I've got chance of a clear acrylic case... are they worth bothering with? I'm just not to sure about how they will effect the temps of my system, and dust, and cable management... 

So yea, what are your experiances with them?


----------



## MoonPig (Jul 23, 2009)

Whats is look like and how much we talking?


----------



## mc-dexter (Jul 23, 2009)

Very similar to that, and a price hasn't been mentioned yet, but i've repaired his pc a few times now and never really wanted anything in return for it, so probably about £20 - £25 maybe, at the most.


----------



## alexp999 (Jul 23, 2009)

It depends on the fans capabilties unless you intend to mod it, cus that has only 3 80mm fans from what I can see


----------



## newtekie1 (Jul 23, 2009)

Don't do it.  I have an acrylic case sitting unused in my closet.

It is cool for about the first 2 months, then you start to notice the dust build up...and realize that keeping it clean is next to impossible.  Not to mention there is no way to clean up cable clutter, no matter how much management you do, I've never seen an acrylic case that didn't look like it was filled with cable clutter!


----------



## mc-dexter (Jul 23, 2009)

alexp999 said:


> It depends on the fans capabilties unless you intend to mod it, cus that has only 3 80mm fans from what I can see



http://img.techpowerup.org/090723/467365982_47514b2e9f.jpg

5, the only diffrence between that case and the one i could get is the fans on the side are side by side, not one above the other. The fans what are with the case spin around 3500 - 4000 rpm i belive.


----------



## bogmali (Jul 23, 2009)

newtekie1 said:


> Don't do it.  I have an acrylic case sitting unused in my closet.
> 
> It is cool for about the first 2 months, then you start to notice the dust build up...and realize that keeping it clean is next to impossible!

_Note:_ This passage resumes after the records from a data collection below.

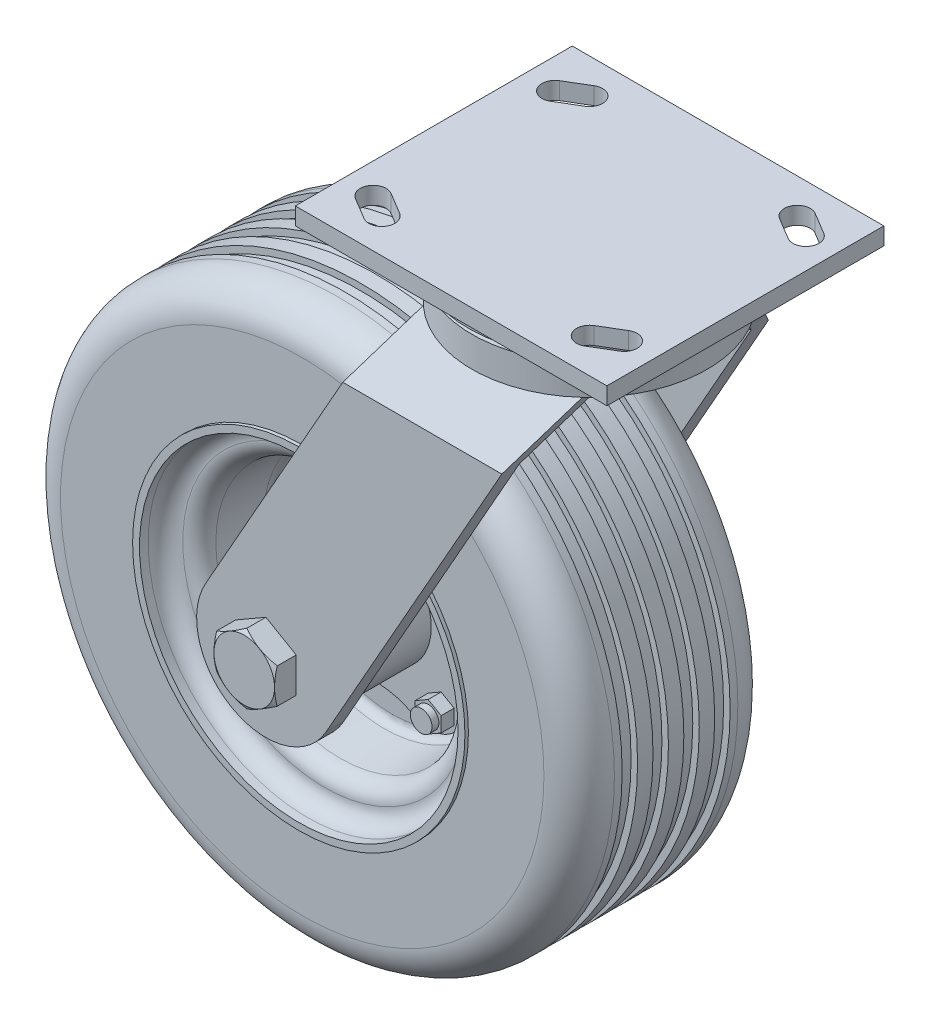
from build123d import *

# Parameters (mm, degrees)
SKETCH1_W               = 114.3
SKETCH1_H               = 6.35
BOSS_EXTRUDE1_DEPTH     = 50.8
F_1_2_HOLES_DEPTH       = 77.727341932
BOSS_EXTRUDE5_DEPTH     = 6.35
BOSS_EXTRUDE6_DEPTH     = 4.7625
SKETCH15_R              = 3.96875
BOSS_EXTRUDE7_DEPTH     = 2.54
SKETCH16_R              = 6.35
BOSS_EXTRUDE8_DEPTH     = 4.7625
SKETCH7_W               = 200.622007455
SKETCH7_H               = 97.79
BOSS_EXTRUDE2_DEPTH     = 225.2599
CUT_EXTRUDE1_START      = -97.79
CUT_EXTRUDE1_DEPTH      = 97.79
CUT_EXTRUDE3_DEPTH      = 230.782863468
CUT_EXTRUDE3_DEPTH_BACK = 230.782863468
SKETCH9_OUTSIDE_W       = 174.676
SKETCH9_OUTSIDE_H       = 325.489
BOSS_EXTRUDE3_DEPTH     = 7.9375
SKETCH11_OUTSIDE_W      = 1426.344
SKETCH11_OUTSIDE_H      = 1450.156
SKETCH11_OUTSIDE_R      = 11.1125
CUT_EXTRUDE4_DEPTH      = 324.561319865
CUT_EXTRUDE4_DRAFT      = -60
SKETCH12_R              = 10.795
BOSS_EXTRUDE4_DEPTH     = 85.09


# Read off the part's stored shape, not the designer's step: Cut-Extrude1
with BuildPart() as part:
    # Sketch1 → Boss-Extrude1 (new, symmetric)
    with BuildSketch(Plane.XY):
        with Locations((0, -3.175)):
            Rectangle(SKETCH1_W, SKETCH1_H)
    extrude(amount=BOSS_EXTRUDE1_DEPTH, both=True)

    # Sketch2 → 1-2 holes (cut, through all)
    with BuildSketch(Plane(origin=(0, 0, 0), x_dir=(1, 0, 0), z_dir=(0, 1, 0))):
        with BuildLine():
            Line((-35.649713965, 34.016189941), (-43.587213965, 29.253689941))
            ThreePointArc((-43.587213965, 29.253689941), (-50.121310059, 30.887213965), (-48.487786035, 37.421310059))
            Line((-48.487786035, 37.421310059), (-40.550286035, 42.183810059))
            ThreePointArc((-40.550286035, 42.183810059), (-34.016189941, 40.550286035), (-35.649713965, 34.016189941))
        make_face()
        with BuildLine():
            Line((-35.649713965, -34.016189941), (-43.587213965, -29.253689941))
            ThreePointArc((-43.587213965, -29.253689941), (-50.121310059, -30.887213965), (-48.487786035, -37.421310059))
            Line((-48.487786035, -37.421310059), (-40.550286035, -42.183810059))
            ThreePointArc((-40.550286035, -42.183810059), (-34.016189941, -40.550286035), (-35.649713965, -34.016189941))
        make_face()
        with BuildLine():
            Line((35.649713965, 34.016189941), (43.587213965, 29.253689941))
            ThreePointArc((43.587213965, 29.253689941), (50.121310059, 30.887213965), (48.487786035, 37.421310059))
            Line((48.487786035, 37.421310059), (40.550286035, 42.183810059))
            ThreePointArc((40.550286035, 42.183810059), (34.016189941, 40.550286035), (35.649713965, 34.016189941))
        make_face()
        with BuildLine():
            Line((35.649713965, -34.016189941), (43.587213965, -29.253689941))
            ThreePointArc((43.587213965, -29.253689941), (50.121310059, -30.887213965), (48.487786035, -37.421310059))
            Line((48.487786035, -37.421310059), (40.550286035, -42.183810059))
            ThreePointArc((40.550286035, -42.183810059), (34.016189941, -40.550286035), (35.649713965, -34.016189941))
        make_face()
    extrude(amount=-F_1_2_HOLES_DEPTH, mode=Mode.SUBTRACT)


with BuildPart() as body_2:
    # Sketch4 → Revolve1 (revolve)
    with BuildSketch(Plane.XY, mode=Mode.PRIVATE) as revolve1_sk:
        Polygon((0, -27.1526), (43.18, -27.1526), (43.18, -16.0401), (40.64, -16.0401), (40.64, -13.5001), (44.45, -13.5001), (44.45, -6.35), (0, -6.35), align=None)
    revolve(revolve1_sk.sketch.rotate(Axis((0, -6.35, 0), (0, -1, 0)), 180), axis=Axis((0, -6.35, 0), (0, -1, 0)))


with BuildPart() as body_3:
    # Sketch6 → Revolve2 (revolve)
    with BuildSketch(Plane(origin=(-69.85, 0, 0), x_dir=(0, 0, -1), z_dir=(1, 0, 0)), mode=Mode.PRIVATE) as revolve2_sk:
        with BuildLine():
            Line((-35.56, -89.8525), (-35.56, -62.143409091))
            ThreePointArc((-35.56, -62.143409091), (-31.772624414, -52.999875586), (-22.629090909, -49.2125))
            Line((-22.629090909, -49.2125), (-19.800454545, -49.2125))
            Line((-19.800454545, -49.2125), (-19.800454545, -51.59375))
            Line((-19.800454545, -51.59375), (-14.143181818, -51.59375))
            Line((-14.143181818, -51.59375), (-14.143181818, -49.2125))
            Line((-14.143181818, -49.2125), (-8.485909091, -49.2125))
            Line((-8.485909091, -49.2125), (-8.485909091, -51.59375))
            Line((-8.485909091, -51.59375), (-2.828636364, -51.59375))
            Line((-2.828636364, -51.59375), (-2.828636364, -49.2125))
            Line((-2.828636364, -49.2125), (2.828636364, -49.2125))
            Line((2.828636364, -49.2125), (2.828636364, -51.59375))
            Line((2.828636364, -51.59375), (8.485909091, -51.59375))
            Line((8.485909091, -51.59375), (8.485909091, -49.2125))
            Line((8.485909091, -49.2125), (14.143181818, -49.2125))
            Line((14.143181818, -49.2125), (14.143181818, -51.59375))
            Line((14.143181818, -51.59375), (19.800454545, -51.59375))
            Line((19.800454545, -51.59375), (19.800454545, -49.2125))
            Line((19.800454545, -49.2125), (22.629090909, -49.2125))
            ThreePointArc((22.629090909, -49.2125), (31.772624414, -52.999875586), (35.56, -62.143409091))
            Line((35.56, -62.143409091), (35.56, -89.8525))
            Line((35.56, -89.8525), (36.83, -89.8525))
            Line((36.83, -89.8525), (36.83, -92.3925))
            Line((36.83, -92.3925), (33.655, -92.3925))
            ThreePointArc((33.655, -92.3925), (29.164871939, -94.252371939), (27.305, -98.7425))
            ThreePointArc((27.305, -98.7425), (25.636711089, -103.032497818), (21.508438966, -105.068336333))
            Line((21.508438966, -105.068336333), (5.438280517, -106.474293018))
            ThreePointArc((5.438280517, -106.474293018), (3.374144456, -107.492212276), (2.54, -109.637211185))
            Line((2.54, -109.637211185), (2.54, -130.175))
            Line((2.54, -130.175), (36.83, -130.175))
            Line((36.83, -130.175), (40.005, -130.175))
            Line((40.005, -130.175), (40.005, -150.8125))
            Line((40.005, -150.8125), (-40.005, -150.8125))
            Line((-40.005, -150.8125), (-40.005, -130.175))
            Line((-40.005, -130.175), (-36.83, -130.175))
            Line((-36.83, -130.175), (-2.54, -130.175))
            Line((-2.54, -130.175), (-2.54, -109.637211185))
            ThreePointArc((-2.54, -109.637211185), (-3.374144456, -107.492212276), (-5.438280517, -106.474293018))
            Line((-5.438280517, -106.474293018), (-21.508438966, -105.068336333))
            ThreePointArc((-21.508438966, -105.068336333), (-25.636711089, -103.032497818), (-27.305, -98.7425))
            ThreePointArc((-27.305, -98.7425), (-29.164871939, -94.252371939), (-33.655, -92.3925))
            Line((-33.655, -92.3925), (-36.83, -92.3925))
            Line((-36.83, -92.3925), (-36.83, -89.8525))
            Line((-36.83, -89.8525), (-35.56, -89.8525))
        make_face()
    revolve(revolve2_sk.sketch.rotate(Axis((-69.85, -150.8125, 111.145303652), (0, 0, -1)), 90), axis=Axis((-69.85, -150.8125, 111.145303652), (0, 0, -1)))

    # Sketch13 → Boss-Extrude5 (add)
    with BuildSketch(Plane.XY.offset(2.54)):
        with BuildLine():
            ThreePointArc((-101.041813407, -136.474589407), (-98.965325939, -121.697174061), (-84.187910593, -119.620686593))
            ThreePointArc((-84.187910593, -119.620686593), (-69.85, -123.329070395), (-55.512089407, -119.620686593))
            ThreePointArc((-55.512089407, -119.620686593), (-40.734674061, -121.697174061), (-38.658186593, -136.474589407))
            ThreePointArc((-38.658186593, -136.474589407), (-42.366570395, -150.8125), (-38.658186593, -165.150410593))
            ThreePointArc((-38.658186593, -165.150410593), (-40.734674061, -179.927825939), (-55.512089407, -182.004313407))
            ThreePointArc((-55.512089407, -182.004313407), (-69.85, -178.295929605), (-84.187910593, -182.004313407))
            ThreePointArc((-84.187910593, -182.004313407), (-98.965325939, -179.927825939), (-101.041813407, -165.150410593))
            ThreePointArc((-101.041813407, -165.150410593), (-97.333429605, -150.8125), (-101.041813407, -136.474589407))
        make_face()
    extrude(amount=BOSS_EXTRUDE5_DEPTH)

    # Sketch14 → Boss-Extrude6 (add)
    with BuildSketch(Plane.XY.offset(8.89)):
        Polygon((-94.124522691, -132.037238623), (-89.362022691, -129.287607966), (-89.362022691, -123.788346652), (-94.124522691, -121.038715995), (-98.887022691, -123.788346652), (-98.887022691, -129.287607966), align=None)
        Polygon((-40.812977309, -129.287607966), (-45.575477309, -132.037238623), (-50.337977309, -129.287607966), (-50.337977309, -123.788346652), (-45.575477309, -121.038715995), (-40.812977309, -123.788346652), align=None)
        Polygon((-45.575477309, -169.587761377), (-50.337977309, -172.337392034), (-50.337977309, -177.836653348), (-45.575477309, -180.586284005), (-40.812977309, -177.836653348), (-40.812977309, -172.337392034), align=None)
        Polygon((-98.887022691, -172.337392034), (-94.124522691, -169.587761377), (-89.362022691, -172.337392034), (-89.362022691, -177.836653348), (-94.124522691, -180.586284005), (-98.887022691, -177.836653348), align=None)
    extrude(amount=BOSS_EXTRUDE6_DEPTH)

    # Sketch15 → Boss-Extrude7 (add)
    with BuildSketch(Plane.XY.offset(13.6525)):
        with Locations((-94.124522691, -126.537977309)):
            Circle(SKETCH15_R)
        with Locations(Location((-45.575477309, -126.537977309, 0), (0, 0, 180))):
            Circle(SKETCH15_R)
        with Locations(Location((-94.124522691, -175.087022691, 0), (0, 0, 180))):
            Circle(SKETCH15_R)
        with Locations((-45.575477309, -175.087022691)):
            Circle(SKETCH15_R)
    extrude(amount=BOSS_EXTRUDE7_DEPTH)

    # Sketch16 → Boss-Extrude8 (add)
    with BuildSketch(Plane(origin=(0, 0, -2.54), x_dir=(-1, 0, 0), z_dir=(0, 0, -1))):
        with Locations(Location((45.575477309, -126.537977309, 0), (0, 0, 180))):
            Circle(SKETCH16_R)
        with Locations(Location((94.124522691, -126.537977309, 0), (0, 0, 180))):
            Circle(SKETCH16_R)
        with Locations(Location((94.124522691, -175.087022691, 0), (0, 0, 180))):
            Circle(SKETCH16_R)
        with Locations(Location((45.575477309, -175.087022691, 0), (0, 0, 180))):
            Circle(SKETCH16_R)
    extrude(amount=BOSS_EXTRUDE8_DEPTH)


with BuildPart() as body_4:
    # Sketch7 → Boss-Extrude2 (new body)
    with BuildSketch(Plane.XZ.offset(27.1526)):
        with Locations((-71.138996273, 0)):
            Rectangle(SKETCH7_W, SKETCH7_H)
    extrude(amount=BOSS_EXTRUDE2_DEPTH)

    # Cut-Extrude1 outline → Cut-Extrude1 (cut)
    with BuildSketch(Plane.XY.offset(48.895).offset(CUT_EXTRUDE1_START)):
        with BuildLine():
            Line((29.172007455, -27.1526), (-47.734278242, -163.304691606))
            ThreePointArc((-47.734278242, -163.304691606), (-82.342191606, -172.928221758), (-91.965721758, -138.320308394))
            Line((-91.965721758, -138.320308394), (-29.172007455, -27.1526))
            Line((-29.172007455, -27.1526), (-171.45, -27.1526))
            Line((-171.45, -27.1526), (-171.45, -252.4125))
            Line((-171.45, -252.4125), (29.172007455, -252.4125))
            Line((29.172007455, -252.4125), (29.172007455, -27.1526))
        make_face()
    extrude(amount=CUT_EXTRUDE1_DEPTH, mode=Mode.SUBTRACT)

    # Sketch9 outside → Cut-Extrude3 (cut, two sides: drawn at the far end of the back side and taken through both)
    with BuildSketch(Plane(origin=(0, -144.306693689, 0), x_dir=(0, 0, -1), z_dir=(-1, 0, 0)).offset(-CUT_EXTRUDE3_DEPTH_BACK)):
        with Locations((0, -18.1005)):
            Rectangle(SKETCH9_OUTSIDE_W, SKETCH9_OUTSIDE_H)
        Polygon((48.895, 108.105806311), (48.895, -95.094193689), (31.835614978, -117.154093689), (25.485614978, -117.154093689), (42.545, -95.094193689), (42.545, 108.105806311), align=None, mode=Mode.SUBTRACT)
        Polygon((-25.485614978, -117.154093689), (-31.835614978, -117.154093689), (-48.895, -95.094193689), (-48.895, 108.105806311), (-42.545, 108.105806311), (-42.545, -95.094193689), align=None, mode=Mode.SUBTRACT)
    extrude(amount=CUT_EXTRUDE3_DEPTH + CUT_EXTRUDE3_DEPTH_BACK, mode=Mode.SUBTRACT)


with BuildPart() as cut_extrude3_piece_1:
    # of the separate pieces the step leaves, piece 1, a body of its own (cut_extrude3_pieces)
    add(body_4.part.solids().sort_by_distance((29.172007455, -27.1526, -31.835614978))[0])



with BuildPart() as cut_extrude3_piece_2:
    # of the separate pieces the step leaves, piece 2, a body of its own (cut_extrude3_pieces)
    add(body_4.part.solids().sort_by_distance((16.711347087, -49.2125, 48.895))[0])


with BuildPart() as body_6:
    # Sketch10 → Boss-Extrude3 (new body)
    with BuildSketch(Plane.XY.offset(48.895)):
        Polygon((-69.85, -137.980890267), (-80.9625, -144.396695134), (-80.9625, -157.228304866), (-69.85, -163.644109733), (-58.7375, -157.228304866), (-58.7375, -144.396695134), align=None)
    extrude(amount=BOSS_EXTRUDE3_DEPTH)


with BuildPart() as cut_extrude4_tool:
    # Sketch11 outside → Cut-Extrude4 (with draft: the straight prism first)
    with BuildSketch(Plane.XY.offset(56.8325)):
        with Locations((-57.15, -126.206)):
            Rectangle(SKETCH11_OUTSIDE_W, SKETCH11_OUTSIDE_H)
        with Locations((-69.85, -150.8125)):
            Circle(SKETCH11_OUTSIDE_R, mode=Mode.SUBTRACT)
    extrude(amount=-CUT_EXTRUDE4_DEPTH)
    # Cut-Extrude4: the draft: its side faces are tilted about the plane it starts from
    cut_extrude4_sides = [cut_extrude4_tool.faces().sort_by_distance(p)[0] for p in [
        (-57.15, -851.284, -105.448159932),
        (656.022, -126.206, -105.448159932),
        (-57.15, 598.872, -105.448159932),
        (-770.322, -126.206, -105.448159932),
        (-80.9625, -150.8125, -105.448159932),
    ]]
    draft(cut_extrude4_sides, Plane.XY.offset(56.8325), CUT_EXTRUDE4_DRAFT)


with BuildPart() as body_6_1:
    add(body_6.part)

    # Cut-Extrude4: cut by cut_extrude4_tool
    add(cut_extrude4_tool.part, mode=Mode.SUBTRACT)


with BuildPart() as body_7:
    # Mirror1: mirrored copy
    add(body_6_1.part.mirror(Plane.XY))


with BuildPart() as cut_extrude3_piece_1_1:
    add(cut_extrude3_piece_1.part)

    add(cut_extrude3_piece_2.part)  # Boss-Extrude4 merges Cut-Extrude3 piece 2
    # Sketch12 → Boss-Extrude4 (add)
    with BuildSketch(Plane.XY.offset(-42.545)):
        with Locations(Location((-69.85, -150.8125, 0), (0, 0, 180))):
            Circle(SKETCH12_R)
    extrude(amount=BOSS_EXTRUDE4_DEPTH)

    # Combine1: union body 7, body 6, body 2, part
    add(body_7.part)
    add(body_6_1.part)
    add(body_2.part)
    add(part.part)


solid = Compound([body_3.part, cut_extrude3_piece_1_1.part])

Same exact reason why I also have one sitting in my closet


----------



## r9 (Jul 23, 2009)

Case is like a woman. Must keep some mystery in side to be interesting .


----------



## TheSheriff (Jul 23, 2009)

I wouldn't buy it if I was you. some reasons. the acrylic case fashion is passed


----------



## joshiers8605 (Jul 23, 2009)

now thatttt is pretty, that's what i want, lol


----------



## joshiers8605 (Jul 23, 2009)

ss for the double post, but is it true that these kinds of cases can build up static electricity?


----------



## Chryonn (Jul 23, 2009)

i think they're cool (no pun intended) but as people have said the gimmick wears off soon after, and yes, that thing will attract so much dust it's not funny.


----------



## joshiers8605 (Jul 23, 2009)

you know..., if you don't want those ones in the closet, you know who to get a hold of


----------



## Omegax (Aug 2, 2009)

heres mine... maybe this fashion is passed but still i'm lovin it! specially if you are the one who build it from scratch considering time and efforts spent =)


----------